Exercise =
Your response to the data below should hold nothing except the lines from the one containing "line L12 (-571.5, 63.5) -> (-63.5, 63.5)" down to the one containing "line L0 (-15, 30) -> (30, 30)", reproduced exactly and without pictures.

--- Exercise inputs ---

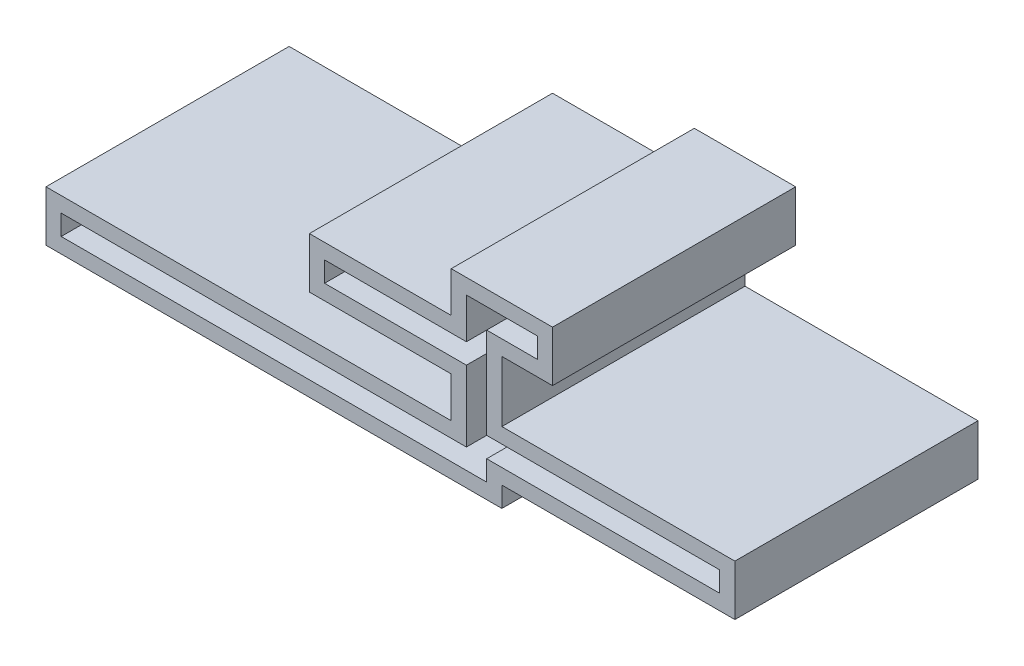
SolidWorks part; units mm, degrees
ref_plane "Front Plane" through (0, 0, 0) normal (0, 0, 1) x (1, 0, 0)
ref_plane "Top Plane" through (0, 0, 0) normal (0, 1, 0) x (1, 0, 0)
ref_plane "Right Plane" through (0, 0, 0) normal (1, 0, 0) x (0, 0, -1)
sketch "Sketch1" plane through (0, 0, 0) normal (0, 0, 1) x (1, 0, 0)
  line L0 (-241.3, 177.8) -> (-63.5, 177.8)
  line L1 (-63.5, 228.6) -> (-63.5, 177.8)
  line L2 (-63.5, 228.6) -> (63.5, 228.6)
  line L3 (63.5, 228.6) -> (63.5, 165.1)
  line L4 (63.5, 165.1) -> (0, 165.1)
  line L5 (0, 165.1) -> (0, 88.9)
  line L6 (0, 88.9) -> (292.1, 88.9)
  line L7 (292.1, 88.9) -> (292.1, 25.4)
  line L8 (292.1, 25.4) -> (0, 25.4)
  line L9 (0, 25.4) -> (0, 0)
  line L10 (0, 0) -> (-571.5, 0)
  line L11 (-571.5, 0) -> (-571.5, 63.5)
  line L12 (-571.5, 63.5) -> (-63.5, 63.5)
  line L13 (-63.5, 63.5) -> (-63.5, 114.3)
  line L14 (-63.5, 114.3) -> (-241.3, 114.3)
  line L15 (-241.3, 114.3) -> (-241.3, 177.8)
  line L16 (0, 25.4) -> (-63.5, 25.4) construction
  dimension "D1" = 63.5
  dimension "D2" = 50.8
  dimension "D3" = 508
  dimension "D4" = 127
  dimension "D5" = 177.8
  dimension "D6" = 292.1
  dimension "D7" = 76.2
  dimension "D8" = 50.8
extrude "Boss-Extrude1" add sketch "Sketch1" along normal blind 304.8
shell "Shell1" thickness 19.05
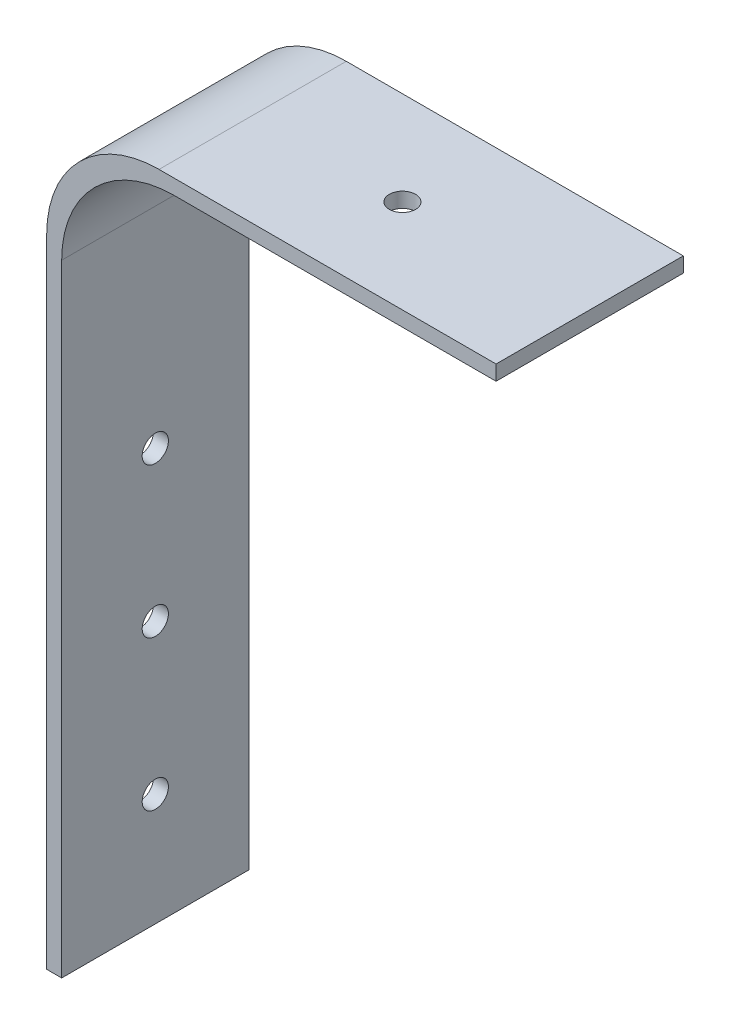
SolidWorks part; units mm, degrees
ref_plane "Front Plane" through (0, 0, 0) normal (0, 0, 1) x (1, 0, 0)
ref_plane "Top Plane" through (0, 0, 0) normal (0, 1, 0) x (1, 0, 0)
ref_plane "Right Plane" through (0, 0, 0) normal (1, 0, 0) x (0, 0, -1)
sketch "Sketch1" plane through (0, 0, 0) normal (0, 0, 1) x (1, 0, 0)
  line L0 (-15, 30) -> (30, 30)
  line L1 (-30, 15) -> (-30, -70)
  line L2 (-30, -70) -> (-28, -70)
  line L3 (-28, -70) -> (-28, 13)
  line L4 (30, 30) -> (30, 28)
  line L5 (30, 28) -> (-13, 28)
  line L6 (55, 0) -> (-55, 0) construction
  line L7 (0, -55) -> (0, 55) construction
  arc A0 (-13, 28) -> (-28, 13) centre (-13, 13) ccw
  arc A1 (-15, 30) -> (-30, 15) centre (-15, 15) ccw
  point P14 (-30, 30)
  dimension "D7" = 15
  dimension "D8" = 15
  dimension "D1" = 60
  dimension "D2" = 100
  dimension "D3" = 2
  dimension "D4" = 2
  dimension "D5" = 30
  dimension "D6" = 30
extrude "Boss-Extrude1" add sketch "Sketch1" along normal blind 25
sketch "Sketch2" plane through (-30, 0, 0) normal (-1, 0, 0) x (0, 0, 1)
  line L0 (25, 15) -> (25, -70) construction
  line L2 (13.75, 0) -> (-13.75, 0) construction
  circle A0 centre (12.5, -15) radius 1.75
  circle A1 centre (12.5, -35) radius 1.75
  circle A2 centre (12.5, -55) radius 1.75
  dimension "D2" = 3.5
  dimension "D1" = 12.5
  dimension "D3" = 15
  dimension "D5" = 20
  dimension "D4" = 3
extrude "Cut-Extrude1" cut sketch "Sketch2" against normal blind 2
sketch "Sketch3" plane through (0, 30, 0) normal (0, 1, 0) x (1, 0, 0)
  line L0 (30, -25) -> (-15, -25) construction
  line L1 (30, -25) -> (30, 0) construction
  circle A0 centre (5, -12.5) radius 1.75
  dimension "D1" = 3.5
  dimension "D2" = 12.5
  dimension "D3" = 25
extrude "Cut-Extrude2" cut sketch "Sketch3" against normal blind 2
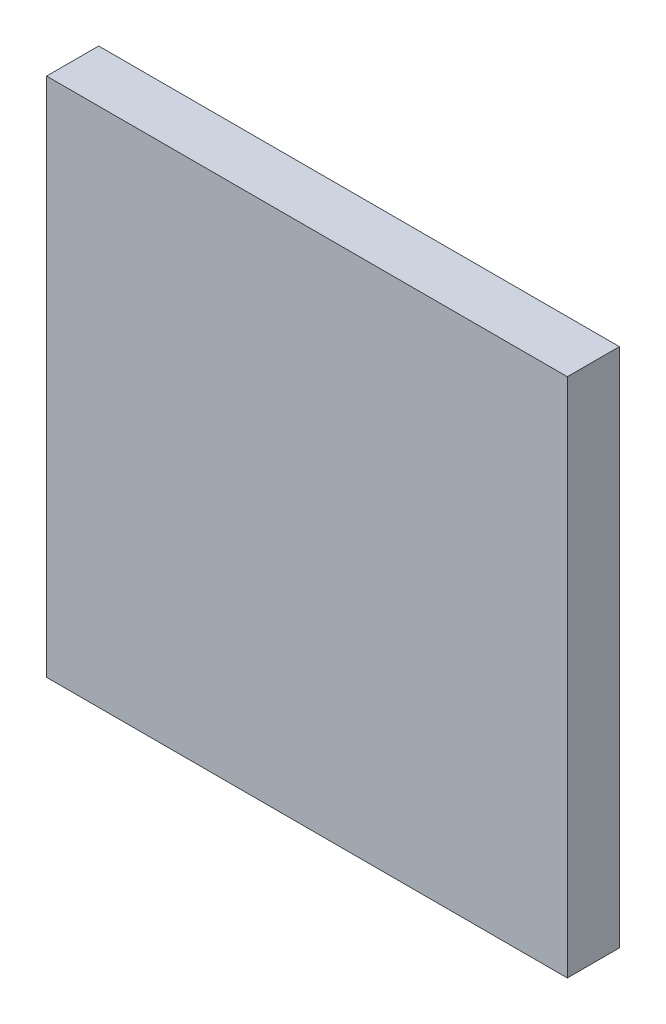
SolidWorks part; units mm, degrees
ref_plane "Front Plane" through (0, 0, 0) normal (0, 0, 1) x (1, 0, 0)
ref_plane "Top Plane" through (0, 0, 0) normal (0, 1, 0) x (1, 0, 0)
ref_plane "Right Plane" through (0, 0, 0) normal (1, 0, 0) x (0, 0, -1)
sketch "Sketch1" plane through (0, 0, 0) normal (0, 0, 1) x (1, 0, 0)
  line L1 (-50, 50) -> (50, 50)
  line L2 (-50, 50) -> (-50, -50)
  line L3 (-50, -50) -> (50, -50)
  line L4 (50, 50) -> (50, -50)
  line L5 (-50, 50) -> (50, -50) construction
  line L6 (-50, -50) -> (50, 50) construction
  point P0 (0, 0)
  dimension "D1" = 100
  dimension "D2" = 100
extrude "Boss-Extrude1" add sketch "Sketch1" along normal blind 10
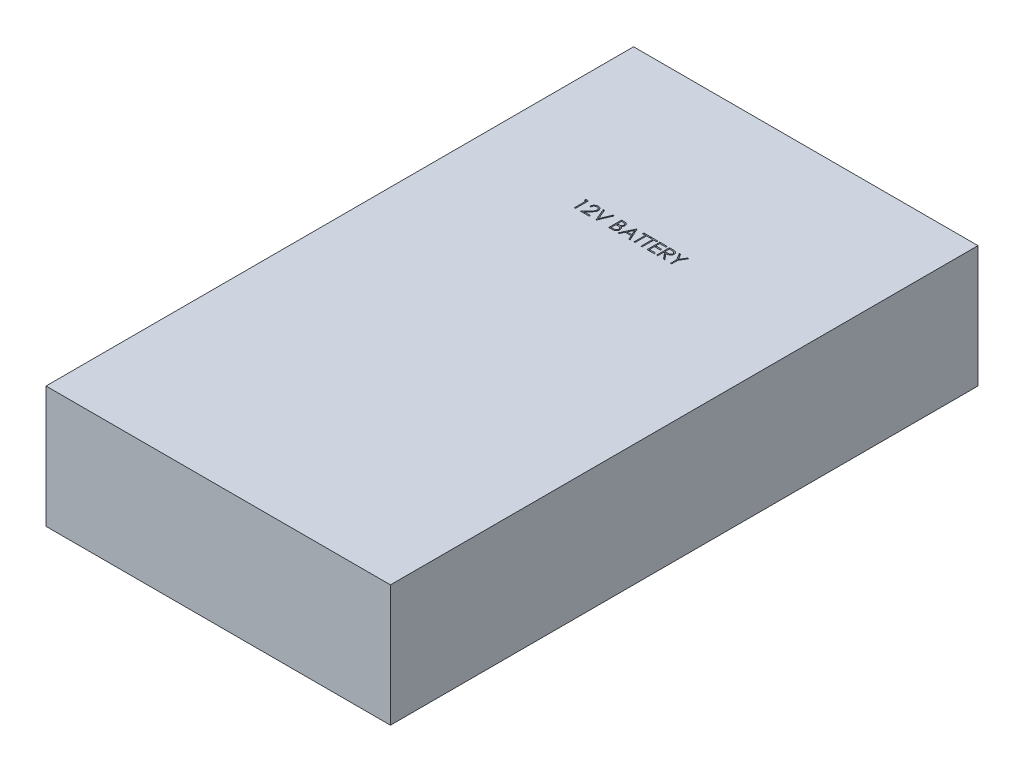
SolidWorks part; units mm, degrees
ref_plane "Front Plane" through (0, 0, 0) normal (0, 0, 1) x (1, 0, 0)
ref_plane "Top Plane" through (0, 0, 0) normal (0, 1, 0) x (1, 0, 0)
ref_plane "Right Plane" through (0, 0, 0) normal (1, 0, 0) x (0, 0, -1)
sketch "Sketch1" plane through (0, 0, 0) normal (0, 1, 0) x (1, 0, 0)
  line L1 (-42.5, -72.5) -> (42.5, -72.5)
  line L2 (-42.5, -72.5) -> (-42.5, 72.5)
  line L3 (-42.5, 72.5) -> (42.5, 72.5)
  line L4 (42.5, -72.5) -> (42.5, 72.5)
  line L5 (-42.5, -72.5) -> (42.5, 72.5) construction
  line L6 (-42.5, 72.5) -> (42.5, -72.5) construction
  point P0 (0, 0)
  dimension "D1" = 85
  dimension "D2" = 145
extrude "Boss-Extrude1" add sketch "Sketch1" along normal blind 30
sketch "Sketch2" plane through (0, 30, 0) normal (0, 1, 0) x (1, 0, 0)
  text T0 "12V BATTERY "
extrude "Cut-Extrude1" cut sketch "Sketch2" against normal blind 1

---

Answer to the exercise =
  line L12 (-571.5, 63.5) -> (-63.5, 63.5)
  line L13 (-63.5, 63.5) -> (-63.5, 114.3)
  line L14 (-63.5, 114.3) -> (-241.3, 114.3)
  line L15 (-241.3, 114.3) -> (-241.3, 177.8)
  line L16 (0, 25.4) -> (-63.5, 25.4) construction
  dimension "D1" = 63.5
  dimension "D2" = 50.8
  dimension "D3" = 508
  dimension "D4" = 127
  dimension "D5" = 177.8
  dimension "D6" = 292.1
  dimension "D7" = 76.2
  dimension "D8" = 50.8
extrude "Boss-Extrude1" add sketch "Sketch1" along normal blind 304.8
shell "Shell1" thickness 19.05
SolidWorks part; units mm, degrees
ref_plane "Front Plane" through (0, 0, 0) normal (0, 0, 1) x (1, 0, 0)
ref_plane "Top Plane" through (0, 0, 0) normal (0, 1, 0) x (1, 0, 0)
ref_plane "Right Plane" through (0, 0, 0) normal (1, 0, 0) x (0, 0, -1)
sketch "Sketch1" plane through (0, 0, 0) normal (0, 0, 1) x (1, 0, 0)
  line L0 (-15, 30) -> (30, 30)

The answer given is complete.